→ **YOUR INSTRUCTIONS**:
From the entries below, reproduce exactly the line containing "line L21 (15.0818, -23.0588)", the line containing "of L24.end L25.end", and every line in between, with nothing added.

PROVIDED ENTRIES Block Start

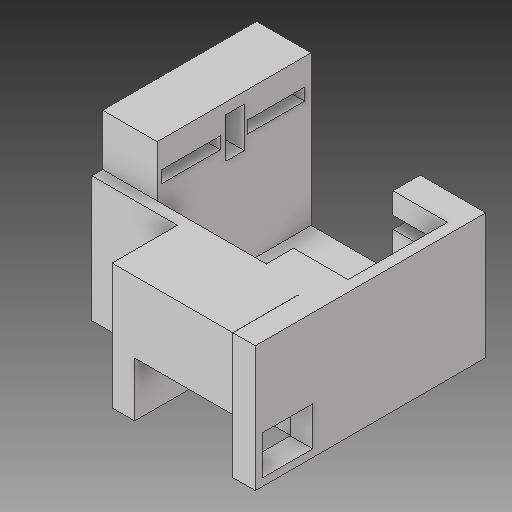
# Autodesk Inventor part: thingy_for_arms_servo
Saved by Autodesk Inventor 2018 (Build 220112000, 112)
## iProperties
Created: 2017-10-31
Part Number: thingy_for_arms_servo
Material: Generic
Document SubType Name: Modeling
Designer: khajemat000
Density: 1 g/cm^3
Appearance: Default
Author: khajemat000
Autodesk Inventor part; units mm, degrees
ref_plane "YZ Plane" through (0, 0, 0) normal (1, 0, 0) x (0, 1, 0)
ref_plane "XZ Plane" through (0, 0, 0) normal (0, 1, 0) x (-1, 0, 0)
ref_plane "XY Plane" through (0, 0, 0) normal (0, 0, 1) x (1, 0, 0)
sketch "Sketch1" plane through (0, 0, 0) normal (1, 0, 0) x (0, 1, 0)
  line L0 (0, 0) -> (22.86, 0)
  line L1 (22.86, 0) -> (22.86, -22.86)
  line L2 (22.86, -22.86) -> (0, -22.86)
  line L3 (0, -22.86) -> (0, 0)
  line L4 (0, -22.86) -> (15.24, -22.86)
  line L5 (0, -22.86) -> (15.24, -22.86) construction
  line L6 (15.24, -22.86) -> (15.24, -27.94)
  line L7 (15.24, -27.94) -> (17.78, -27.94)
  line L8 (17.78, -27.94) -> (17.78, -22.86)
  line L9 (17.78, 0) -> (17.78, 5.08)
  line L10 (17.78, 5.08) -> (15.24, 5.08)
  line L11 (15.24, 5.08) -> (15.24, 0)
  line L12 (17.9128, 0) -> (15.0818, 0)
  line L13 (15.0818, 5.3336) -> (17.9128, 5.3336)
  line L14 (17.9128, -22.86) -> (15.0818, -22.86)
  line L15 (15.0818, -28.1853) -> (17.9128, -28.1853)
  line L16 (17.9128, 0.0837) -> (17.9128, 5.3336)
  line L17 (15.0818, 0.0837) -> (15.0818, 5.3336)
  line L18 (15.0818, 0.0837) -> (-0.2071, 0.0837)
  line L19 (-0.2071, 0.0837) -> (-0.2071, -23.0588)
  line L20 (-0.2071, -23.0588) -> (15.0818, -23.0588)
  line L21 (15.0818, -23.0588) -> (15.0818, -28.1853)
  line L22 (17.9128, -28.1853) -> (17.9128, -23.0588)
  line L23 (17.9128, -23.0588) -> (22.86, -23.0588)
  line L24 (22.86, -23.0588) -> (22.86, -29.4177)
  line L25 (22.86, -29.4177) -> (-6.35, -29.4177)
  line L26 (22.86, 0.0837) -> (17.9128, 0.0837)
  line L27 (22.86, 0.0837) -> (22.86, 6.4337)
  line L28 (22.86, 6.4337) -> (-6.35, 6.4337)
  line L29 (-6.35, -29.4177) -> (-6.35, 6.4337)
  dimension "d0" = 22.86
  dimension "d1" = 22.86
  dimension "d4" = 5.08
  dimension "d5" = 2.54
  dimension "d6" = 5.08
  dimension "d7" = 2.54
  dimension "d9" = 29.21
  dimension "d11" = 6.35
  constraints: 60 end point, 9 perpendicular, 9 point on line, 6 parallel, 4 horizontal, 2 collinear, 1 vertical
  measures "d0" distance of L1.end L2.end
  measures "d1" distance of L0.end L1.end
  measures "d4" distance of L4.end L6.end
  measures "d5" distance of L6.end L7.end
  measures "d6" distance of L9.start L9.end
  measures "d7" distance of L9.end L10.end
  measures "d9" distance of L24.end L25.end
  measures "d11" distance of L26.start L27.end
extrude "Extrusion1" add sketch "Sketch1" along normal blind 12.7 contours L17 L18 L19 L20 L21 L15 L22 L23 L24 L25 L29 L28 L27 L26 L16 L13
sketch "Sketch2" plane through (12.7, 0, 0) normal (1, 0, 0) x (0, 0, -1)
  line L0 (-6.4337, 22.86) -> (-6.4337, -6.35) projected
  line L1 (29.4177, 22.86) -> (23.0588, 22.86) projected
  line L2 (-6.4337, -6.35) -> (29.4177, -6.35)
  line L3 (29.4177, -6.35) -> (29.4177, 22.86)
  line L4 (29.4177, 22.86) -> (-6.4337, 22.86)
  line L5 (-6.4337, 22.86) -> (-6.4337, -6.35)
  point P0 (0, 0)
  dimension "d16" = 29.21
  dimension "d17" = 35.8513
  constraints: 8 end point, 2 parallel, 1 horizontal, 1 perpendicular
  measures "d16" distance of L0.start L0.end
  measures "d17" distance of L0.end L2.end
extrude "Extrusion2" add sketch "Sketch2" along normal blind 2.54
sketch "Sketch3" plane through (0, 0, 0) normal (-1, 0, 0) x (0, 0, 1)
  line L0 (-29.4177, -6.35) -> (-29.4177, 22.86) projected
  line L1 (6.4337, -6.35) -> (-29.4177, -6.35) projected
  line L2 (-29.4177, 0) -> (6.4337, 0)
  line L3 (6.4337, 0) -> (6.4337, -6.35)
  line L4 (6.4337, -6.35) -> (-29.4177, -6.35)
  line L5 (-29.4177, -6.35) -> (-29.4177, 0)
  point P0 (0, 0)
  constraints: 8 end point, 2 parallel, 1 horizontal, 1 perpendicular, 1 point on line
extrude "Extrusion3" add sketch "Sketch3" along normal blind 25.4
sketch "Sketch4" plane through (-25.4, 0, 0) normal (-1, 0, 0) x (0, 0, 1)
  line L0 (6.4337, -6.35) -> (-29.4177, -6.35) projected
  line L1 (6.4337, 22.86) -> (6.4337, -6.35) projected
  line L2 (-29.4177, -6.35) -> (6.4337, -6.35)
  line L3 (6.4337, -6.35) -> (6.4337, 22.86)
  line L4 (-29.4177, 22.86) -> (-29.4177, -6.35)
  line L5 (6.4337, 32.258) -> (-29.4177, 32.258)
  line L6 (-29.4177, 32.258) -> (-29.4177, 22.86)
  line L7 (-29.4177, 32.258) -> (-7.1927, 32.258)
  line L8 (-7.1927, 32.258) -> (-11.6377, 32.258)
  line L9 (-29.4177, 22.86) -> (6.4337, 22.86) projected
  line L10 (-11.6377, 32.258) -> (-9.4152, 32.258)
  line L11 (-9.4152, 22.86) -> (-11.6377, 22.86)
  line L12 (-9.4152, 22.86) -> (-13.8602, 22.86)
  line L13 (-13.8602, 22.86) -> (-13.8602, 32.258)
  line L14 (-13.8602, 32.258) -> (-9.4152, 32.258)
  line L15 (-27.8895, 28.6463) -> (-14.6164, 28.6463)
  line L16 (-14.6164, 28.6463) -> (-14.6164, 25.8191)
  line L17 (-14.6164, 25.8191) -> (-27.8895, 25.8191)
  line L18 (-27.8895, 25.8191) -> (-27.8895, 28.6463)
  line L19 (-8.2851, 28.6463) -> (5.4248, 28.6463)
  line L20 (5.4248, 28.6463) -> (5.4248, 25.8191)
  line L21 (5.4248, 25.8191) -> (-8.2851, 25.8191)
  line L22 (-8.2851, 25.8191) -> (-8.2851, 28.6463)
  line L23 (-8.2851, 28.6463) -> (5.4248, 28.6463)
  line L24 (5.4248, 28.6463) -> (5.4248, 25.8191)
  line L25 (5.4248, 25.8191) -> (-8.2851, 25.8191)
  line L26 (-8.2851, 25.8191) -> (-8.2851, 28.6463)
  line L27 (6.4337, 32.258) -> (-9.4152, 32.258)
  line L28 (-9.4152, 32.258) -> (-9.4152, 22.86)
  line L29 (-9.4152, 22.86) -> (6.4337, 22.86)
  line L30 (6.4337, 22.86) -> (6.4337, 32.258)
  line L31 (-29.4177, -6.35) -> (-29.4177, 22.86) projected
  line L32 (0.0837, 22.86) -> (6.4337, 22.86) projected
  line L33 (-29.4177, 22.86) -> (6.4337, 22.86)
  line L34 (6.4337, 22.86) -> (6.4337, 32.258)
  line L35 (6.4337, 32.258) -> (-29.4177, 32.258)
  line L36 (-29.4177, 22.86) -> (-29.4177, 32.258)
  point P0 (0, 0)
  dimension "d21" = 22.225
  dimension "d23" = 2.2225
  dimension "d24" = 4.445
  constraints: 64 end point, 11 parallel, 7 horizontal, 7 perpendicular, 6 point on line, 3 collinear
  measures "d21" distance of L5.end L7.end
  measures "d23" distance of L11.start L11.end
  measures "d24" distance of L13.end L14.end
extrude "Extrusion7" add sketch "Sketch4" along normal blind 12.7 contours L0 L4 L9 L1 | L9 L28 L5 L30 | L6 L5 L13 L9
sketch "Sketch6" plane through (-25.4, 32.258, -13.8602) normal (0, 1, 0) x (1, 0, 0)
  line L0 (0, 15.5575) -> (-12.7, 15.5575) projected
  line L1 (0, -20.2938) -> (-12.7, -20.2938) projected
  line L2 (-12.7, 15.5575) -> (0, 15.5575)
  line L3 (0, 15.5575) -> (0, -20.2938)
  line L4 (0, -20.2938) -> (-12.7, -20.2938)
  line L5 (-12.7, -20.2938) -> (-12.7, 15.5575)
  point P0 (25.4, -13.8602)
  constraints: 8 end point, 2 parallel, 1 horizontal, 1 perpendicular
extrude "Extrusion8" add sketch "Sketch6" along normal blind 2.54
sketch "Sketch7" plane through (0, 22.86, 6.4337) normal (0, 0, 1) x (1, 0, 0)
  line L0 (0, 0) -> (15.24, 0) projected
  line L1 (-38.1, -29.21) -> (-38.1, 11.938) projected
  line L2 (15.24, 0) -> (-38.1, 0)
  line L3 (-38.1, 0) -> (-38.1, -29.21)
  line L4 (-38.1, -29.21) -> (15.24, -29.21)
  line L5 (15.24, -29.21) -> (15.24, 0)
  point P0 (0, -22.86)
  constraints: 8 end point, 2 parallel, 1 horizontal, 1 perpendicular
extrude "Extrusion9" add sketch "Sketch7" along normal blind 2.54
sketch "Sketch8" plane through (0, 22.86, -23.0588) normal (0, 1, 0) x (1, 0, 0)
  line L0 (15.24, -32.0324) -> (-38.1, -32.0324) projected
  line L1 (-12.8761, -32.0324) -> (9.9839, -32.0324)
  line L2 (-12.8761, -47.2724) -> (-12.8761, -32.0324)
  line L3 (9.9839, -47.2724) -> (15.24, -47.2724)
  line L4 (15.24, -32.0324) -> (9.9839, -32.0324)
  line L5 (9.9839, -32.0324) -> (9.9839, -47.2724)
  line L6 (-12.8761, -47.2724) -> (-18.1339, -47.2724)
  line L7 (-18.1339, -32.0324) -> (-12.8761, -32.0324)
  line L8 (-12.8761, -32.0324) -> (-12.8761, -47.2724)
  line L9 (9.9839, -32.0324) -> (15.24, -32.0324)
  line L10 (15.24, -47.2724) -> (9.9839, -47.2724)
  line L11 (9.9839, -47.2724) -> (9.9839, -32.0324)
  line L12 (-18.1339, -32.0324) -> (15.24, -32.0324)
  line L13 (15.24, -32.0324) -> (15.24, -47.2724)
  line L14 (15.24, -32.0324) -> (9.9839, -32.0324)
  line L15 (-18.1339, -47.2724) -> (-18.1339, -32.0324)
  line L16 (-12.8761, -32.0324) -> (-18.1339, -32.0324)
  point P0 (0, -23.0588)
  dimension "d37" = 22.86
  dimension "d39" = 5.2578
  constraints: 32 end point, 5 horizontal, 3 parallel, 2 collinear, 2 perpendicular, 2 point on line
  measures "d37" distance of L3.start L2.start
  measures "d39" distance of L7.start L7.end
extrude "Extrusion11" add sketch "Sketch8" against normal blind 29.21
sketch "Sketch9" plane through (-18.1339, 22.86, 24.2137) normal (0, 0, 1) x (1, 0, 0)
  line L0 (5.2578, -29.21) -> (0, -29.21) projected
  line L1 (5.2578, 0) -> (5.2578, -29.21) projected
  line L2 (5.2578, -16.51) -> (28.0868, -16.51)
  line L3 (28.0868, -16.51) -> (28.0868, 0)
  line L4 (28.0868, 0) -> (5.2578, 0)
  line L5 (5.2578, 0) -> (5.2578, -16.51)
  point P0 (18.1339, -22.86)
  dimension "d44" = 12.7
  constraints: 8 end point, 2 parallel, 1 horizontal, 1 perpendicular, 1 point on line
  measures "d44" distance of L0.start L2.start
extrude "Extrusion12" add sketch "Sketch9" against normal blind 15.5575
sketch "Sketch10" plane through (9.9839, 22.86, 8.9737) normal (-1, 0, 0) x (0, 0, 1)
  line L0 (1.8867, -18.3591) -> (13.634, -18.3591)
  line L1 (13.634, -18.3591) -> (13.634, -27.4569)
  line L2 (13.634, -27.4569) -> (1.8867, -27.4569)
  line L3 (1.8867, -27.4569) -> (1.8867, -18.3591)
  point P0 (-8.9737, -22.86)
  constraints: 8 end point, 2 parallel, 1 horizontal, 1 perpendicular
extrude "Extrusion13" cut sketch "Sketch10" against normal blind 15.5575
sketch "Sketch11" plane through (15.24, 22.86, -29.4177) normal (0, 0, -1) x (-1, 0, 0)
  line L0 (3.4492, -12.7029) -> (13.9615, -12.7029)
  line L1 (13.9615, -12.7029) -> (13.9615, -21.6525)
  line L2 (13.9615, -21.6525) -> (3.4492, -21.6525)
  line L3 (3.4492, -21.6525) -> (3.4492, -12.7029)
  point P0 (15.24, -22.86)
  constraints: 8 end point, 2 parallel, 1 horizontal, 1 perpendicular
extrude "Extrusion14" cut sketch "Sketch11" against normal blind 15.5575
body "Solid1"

PROVIDED ENTRIES Block End

→ **SOLUTION FOR THIS EXERCISE**:
  line L21 (15.0818, -23.0588) -> (15.0818, -28.1853)
  line L22 (17.9128, -28.1853) -> (17.9128, -23.0588)
  line L23 (17.9128, -23.0588) -> (22.86, -23.0588)
  line L24 (22.86, -23.0588) -> (22.86, -29.4177)
  line L25 (22.86, -29.4177) -> (-6.35, -29.4177)
  line L26 (22.86, 0.0837) -> (17.9128, 0.0837)
  line L27 (22.86, 0.0837) -> (22.86, 6.4337)
  line L28 (22.86, 6.4337) -> (-6.35, 6.4337)
  line L29 (-6.35, -29.4177) -> (-6.35, 6.4337)
  dimension "d0" = 22.86
  dimension "d1" = 22.86
  dimension "d4" = 5.08
  dimension "d5" = 2.54
  dimension "d6" = 5.08
  dimension "d7" = 2.54
  dimension "d9" = 29.21
  dimension "d11" = 6.35
  constraints: 60 end point, 9 perpendicular, 9 point on line, 6 parallel, 4 horizontal, 2 collinear, 1 vertical
  measures "d0" distance of L1.end L2.end
  measures "d1" distance of L0.end L1.end
  measures "d4" distance of L4.end L6.end
  measures "d5" distance of L6.end L7.end
  measures "d6" distance of L9.start L9.end
  measures "d7" distance of L9.end L10.end
  measures "d9" distance of L24.end L25.end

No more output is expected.